All the linkages can be utilized and no specific restrictions have to be initially considered. However, analyzing the different linkage criteria according to the way they operate, Single and Complete linkages reduce the fitness to a single similarity between a pair of variables, which usually hinder to reflect the distribution of the variables in a cluster. This may lead to produce undesirable clusters. In addition, Single-linkage produces chaining effects when variables are close together, identifying long chain-like clusters. Complete-linkage overcomes this problem, but it is sensitive to outliers. On the other hand, Centroid and Median linkages may produce inversions, which occurs when two clusters being merged appear closer to each other than pairs of clusters merged earlier.

In general, Ward is the most common and utilized approach, and it can be used with both interval-scaled and symmetric binary variables. It minimizes the loss of information between the individual variables and the cluster centroid level. Previous studies have proved that, in a broad context, Ward behaves better than other linkage methods (Saraçli et al., 2013).

As for asymmetric binary data, Jaccard distance, together with the previously commented clustering linkages can be utilized. However, it is more recommendable to utilize monothetic approaches such as DIVCLUS-T (Chavent et al., 2007) or MONA (Kaufman & Rousseeuw, 2009).

Once the dendrogram has been produced, a final step consists in analyzing the goodness of the solution obtained. To this end, the Cophenetic Correlation Coefficient (CCC) can be used to analyze the goodness of a dendrogram (Saraçli et al., 2013). CCC can be defined as follows:

$CCC = \frac{\sum_{i<j}(x(i,j) - \bar{x})(t(i,j) - \bar{t})} {\sqrt{[\sum_{i<j}(x(i,j)-\bar{x})^2][\sum_{i<j}(t(i,j)-\bar{t})^2]}}$

Where x(i,j) represents the ordinary Euclidean distance between variables i and j, t(i,j) represents the dendrogrammatic distance (i.e., the height of the node at which these two variables are first joined together) between the model points T_i and T_j, $\bar{x}$ represents the average value of x(i,j) and $\bar{t}$ represents the average value of t(i,j).

In brief, CCC describes the linear correlation between the dissimilarities of each pair of variables and their corresponding cophenetic distances. The cophenetic distances represent an intergroup dissimilarity measure of two variables that were merged in the same cluster. This method has been used in different domains to analyze whether a dendrogram represents an appropriate solution or not. This way, a high correlation (closer to 1) among the original distances and the cophenetic ones indicates a high goodness for a given dendrogram.

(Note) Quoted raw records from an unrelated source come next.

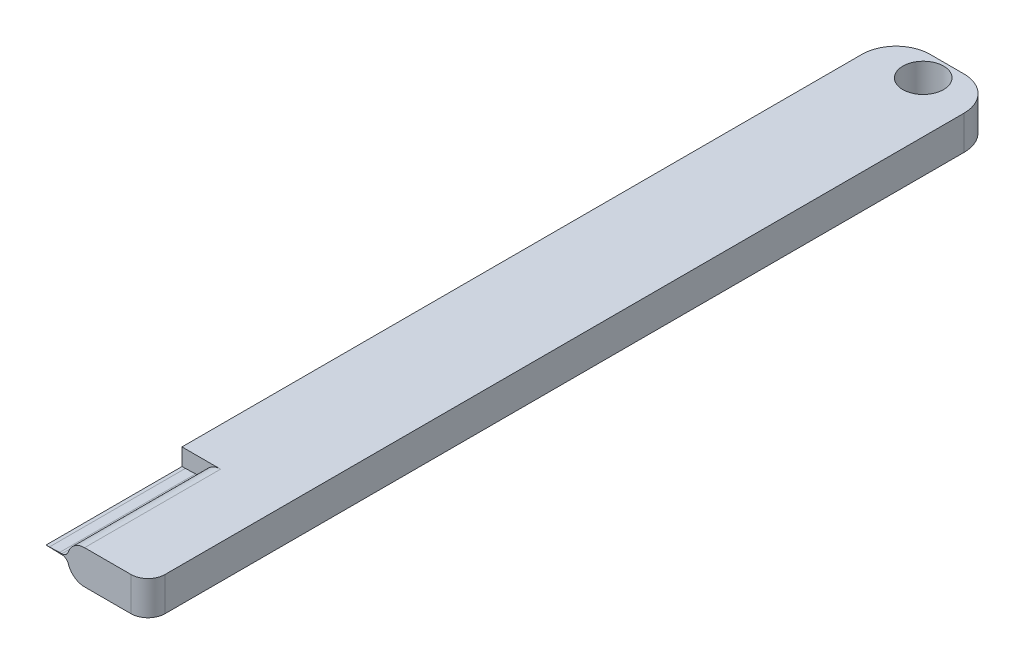
ISO-10303-21;
HEADER;
FILE_DESCRIPTION(('STEP AP214'),'2;1');
FILE_NAME('part.step','',(''),(''),'','','');
FILE_SCHEMA(('AUTOMOTIVE_DESIGN { 1 0 10303 214 1 1 1 1 }'));
ENDSEC;
DATA;
#1=APPLICATION_CONTEXT('core data for automotive mechanical design processes');
#2=APPLICATION_PROTOCOL_DEFINITION('international standard','automotive_design',2000,#1);
#3=PRODUCT_CONTEXT('',#1,'mechanical');
#4=PRODUCT('Part','Part','',(#3));
#5=PRODUCT_RELATED_PRODUCT_CATEGORY('part','',(#4));
#6=PRODUCT_DEFINITION_FORMATION('','',#4);
#7=PRODUCT_DEFINITION_CONTEXT('part definition',#1,'design');
#8=PRODUCT_DEFINITION('design','',#6,#7);
#9=PRODUCT_DEFINITION_SHAPE('','',#8);
#10=(LENGTH_UNIT() NAMED_UNIT(*) SI_UNIT(.MILLI.,.METRE.));
#11=(NAMED_UNIT(*) PLANE_ANGLE_UNIT() SI_UNIT($,.RADIAN.));
#12=(NAMED_UNIT(*) SI_UNIT($,.STERADIAN.) SOLID_ANGLE_UNIT());
#13=UNCERTAINTY_MEASURE_WITH_UNIT(LENGTH_MEASURE(1.E-05),#10,'distance_accuracy_value','');
#14=(GEOMETRIC_REPRESENTATION_CONTEXT(3) GLOBAL_UNCERTAINTY_ASSIGNED_CONTEXT((#13)) GLOBAL_UNIT_ASSIGNED_CONTEXT((#10,
#11,#12)) REPRESENTATION_CONTEXT('',''));
#15=CARTESIAN_POINT('',(0.,0.,0.));
#16=DIRECTION('',(0.,0.,1.));
#17=DIRECTION('',(1.,0.,0.));
#18=AXIS2_PLACEMENT_3D('',#15,#16,#17);
#19=CARTESIAN_POINT('',(0.,0.,250.));
#20=DIRECTION('',(1.,0.,0.));
#21=DIRECTION('',(0.,0.,-1.));
#22=AXIS2_PLACEMENT_3D('',#19,#20,#21);
#23=PLANE('',#22);
#24=DIRECTION('',(0.,-1.,0.));
#25=VECTOR('',#24,1.);
#26=CARTESIAN_POINT('',(0.,0.,210.));
#27=LINE('',#26,#25);
#28=CARTESIAN_POINT('',(0.,5.,210.));
#29=VERTEX_POINT('',#28);
#30=CARTESIAN_POINT('',(0.,0.,210.));
#31=VERTEX_POINT('',#30);
#32=EDGE_CURVE('E207',#29,#31,#27,.T.);
#33=ORIENTED_EDGE('',*,*,#32,.F.);
#34=DIRECTION('',(0.,-1.,0.));
#35=VECTOR('',#34,1.);
#36=CARTESIAN_POINT('',(0.,0.,210.));
#37=LINE('',#36,#35);
#38=CARTESIAN_POINT('',(0.,10.,210.));
#39=VERTEX_POINT('',#38);
#40=EDGE_CURVE('E234',#39,#29,#37,.T.);
#41=ORIENTED_EDGE('',*,*,#40,.F.);
#42=DIRECTION('',(0.,0.,-1.));
#43=VECTOR('',#42,1.);
#44=CARTESIAN_POINT('',(0.,10.,250.));
#45=LINE('',#44,#43);
#46=CARTESIAN_POINT('',(0.,10.,10.));
#47=VERTEX_POINT('',#46);
#48=EDGE_CURVE('E284',#39,#47,#45,.T.);
#49=ORIENTED_EDGE('',*,*,#48,.T.);
#50=DIRECTION('',(0.,-1.,0.));
#51=VECTOR('',#50,1.);
#52=CARTESIAN_POINT('',(0.,0.,10.));
#53=LINE('',#52,#51);
#54=CARTESIAN_POINT('',(0.,0.,10.));
#55=VERTEX_POINT('',#54);
#56=EDGE_CURVE('E306',#47,#55,#53,.T.);
#57=ORIENTED_EDGE('',*,*,#56,.T.);
#58=DIRECTION('',(0.,0.,-1.));
#59=VECTOR('',#58,1.);
#60=CARTESIAN_POINT('',(0.,0.,250.));
#61=LINE('',#60,#59);
#62=EDGE_CURVE('E293',#31,#55,#61,.T.);
#63=ORIENTED_EDGE('',*,*,#62,.F.);
#64=EDGE_LOOP('',(#33,#41,#49,#57,#63));
#65=FACE_BOUND('',#64,.T.);
#66=ADVANCED_FACE('F38',(#65),#23,.F.);
#67=CARTESIAN_POINT('',(0.,0.,250.));
#68=DIRECTION('',(0.,1.,0.));
#69=DIRECTION('',(0.,0.,1.));
#70=AXIS2_PLACEMENT_3D('',#67,#68,#69);
#71=PLANE('',#70);
#72=CARTESIAN_POINT('',(15.,0.,7.));
#73=DIRECTION('',(0.,1.,0.));
#74=DIRECTION('',(0.,0.,1.));
#75=AXIS2_PLACEMENT_3D('',#72,#73,#74);
#76=CIRCLE('',#75,6.);
#77=CARTESIAN_POINT('',(15.,0.,13.));
#78=VERTEX_POINT('',#77);
#79=EDGE_CURVE('E274',#78,#78,#76,.T.);
#80=ORIENTED_EDGE('',*,*,#79,.T.);
#81=EDGE_LOOP('',(#80));
#82=FACE_BOUND('',#81,.T.);
#83=DIRECTION('',(0.,0.,-1.));
#84=VECTOR('',#83,1.);
#85=CARTESIAN_POINT('',(30.,0.,250.));
#86=LINE('',#85,#84);
#87=CARTESIAN_POINT('',(30.,0.,245.));
#88=VERTEX_POINT('',#87);
#89=CARTESIAN_POINT('',(30.,0.,10.));
#90=VERTEX_POINT('',#89);
#91=EDGE_CURVE('E291',#88,#90,#86,.T.);
#92=ORIENTED_EDGE('',*,*,#91,.F.);
#93=CARTESIAN_POINT('',(25.,0.,245.));
#94=DIRECTION('',(0.,1.,0.));
#95=DIRECTION('',(0.,0.,1.));
#96=AXIS2_PLACEMENT_3D('',#93,#94,#95);
#97=CIRCLE('',#96,5.);
#98=CARTESIAN_POINT('',(25.,0.,250.));
#99=VERTEX_POINT('',#98);
#100=EDGE_CURVE('E12',#88,#99,#97,.F.);
#101=ORIENTED_EDGE('',*,*,#100,.T.);
#102=DIRECTION('',(1.,0.,0.));
#103=VECTOR('',#102,1.);
#104=CARTESIAN_POINT('',(0.,0.,250.));
#105=LINE('',#104,#103);
#106=CARTESIAN_POINT('',(11.3447097371996,0.,250.));
#107=VERTEX_POINT('',#106);
#108=EDGE_CURVE('E278',#107,#99,#105,.T.);
#109=ORIENTED_EDGE('',*,*,#108,.F.);
#110=DIRECTION('',(0.,0.,1.));
#111=VECTOR('',#110,1.);
#112=CARTESIAN_POINT('',(11.3447097371996,0.,210.));
#113=LINE('',#112,#111);
#114=CARTESIAN_POINT('',(11.3447097371996,0.,210.));
#115=VERTEX_POINT('',#114);
#116=EDGE_CURVE('E331',#107,#115,#113,.F.);
#117=ORIENTED_EDGE('',*,*,#116,.T.);
#118=DIRECTION('',(1.,0.,0.));
#119=VECTOR('',#118,1.);
#120=CARTESIAN_POINT('',(0.,0.,210.));
#121=LINE('',#120,#119);
#122=EDGE_CURVE('E209',#31,#115,#121,.T.);
#123=ORIENTED_EDGE('',*,*,#122,.F.);
#124=ORIENTED_EDGE('',*,*,#62,.T.);
#125=CARTESIAN_POINT('',(10.,0.,10.));
#126=DIRECTION('',(0.,1.,0.));
#127=DIRECTION('',(0.,0.,1.));
#128=AXIS2_PLACEMENT_3D('',#125,#126,#127);
#129=CIRCLE('',#128,10.);
#130=CARTESIAN_POINT('',(10.,0.,0.));
#131=VERTEX_POINT('',#130);
#132=EDGE_CURVE('E309',#55,#131,#129,.F.);
#133=ORIENTED_EDGE('',*,*,#132,.T.);
#134=DIRECTION('',(1.,0.,0.));
#135=VECTOR('',#134,1.);
#136=CARTESIAN_POINT('',(0.,0.,0.));
#137=LINE('',#136,#135);
#138=CARTESIAN_POINT('',(20.,0.,0.));
#139=VERTEX_POINT('',#138);
#140=EDGE_CURVE('E277',#131,#139,#137,.T.);
#141=ORIENTED_EDGE('',*,*,#140,.T.);
#142=CARTESIAN_POINT('',(20.,0.,10.));
#143=DIRECTION('',(0.,1.,0.));
#144=DIRECTION('',(0.,0.,1.));
#145=AXIS2_PLACEMENT_3D('',#142,#143,#144);
#146=CIRCLE('',#145,10.);
#147=EDGE_CURVE('E303',#139,#90,#146,.F.);
#148=ORIENTED_EDGE('',*,*,#147,.T.);
#149=EDGE_LOOP('',(#92,#101,#109,#117,#123,#124,#133,#141,#148));
#150=FACE_BOUND('',#149,.T.);
#151=ADVANCED_FACE('F387',(#82,#150),#71,.F.);
#152=CARTESIAN_POINT('',(0.,0.,250.));
#153=DIRECTION('',(0.,0.,-1.));
#154=DIRECTION('',(-1.,0.,0.));
#155=AXIS2_PLACEMENT_3D('',#152,#153,#154);
#156=PLANE('',#155);
#157=ORIENTED_EDGE('',*,*,#108,.T.);
#158=DIRECTION('',(0.,1.,0.));
#159=VECTOR('',#158,1.);
#160=CARTESIAN_POINT('',(25.,0.,250.));
#161=LINE('',#160,#159);
#162=CARTESIAN_POINT('',(25.,10.,250.));
#163=VERTEX_POINT('',#162);
#164=EDGE_CURVE('E336',#99,#163,#161,.T.);
#165=ORIENTED_EDGE('',*,*,#164,.T.);
#166=DIRECTION('',(-1.,0.,0.));
#167=VECTOR('',#166,1.);
#168=CARTESIAN_POINT('',(0.,10.,250.));
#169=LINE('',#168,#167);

There exist other approaches intended to compare two different dendrograms in order to analyze which solution is the best suited. On the one hand, the Robinson-Foulds metric, also known as symmetric difference metric (Pattengale et al., 2007), can be used to calculate the topological distances between two dendrograms. This metric represents the number of branches in a given dendrogram with a combination of variables that exist in it but not in any subtree of the compared dendrogram plus the same computation on the other way round. This way, two dendrograms can be considered similar if they are isomorphic and their isomorphism preserves the labeling. On the other hand, the Baker-Hubert Gamma index (Desgraupes, 2013) can be used to obtain the correlation among two dendrograms. This index provides a concordance measure that indicates that two dendrograms are concordant if the values classify in the same order in both dendrograms. As well as CCC, Gamma index provides values between -1 and 1. Values closer to 0 indicate that two dendrograms are not statistically similar.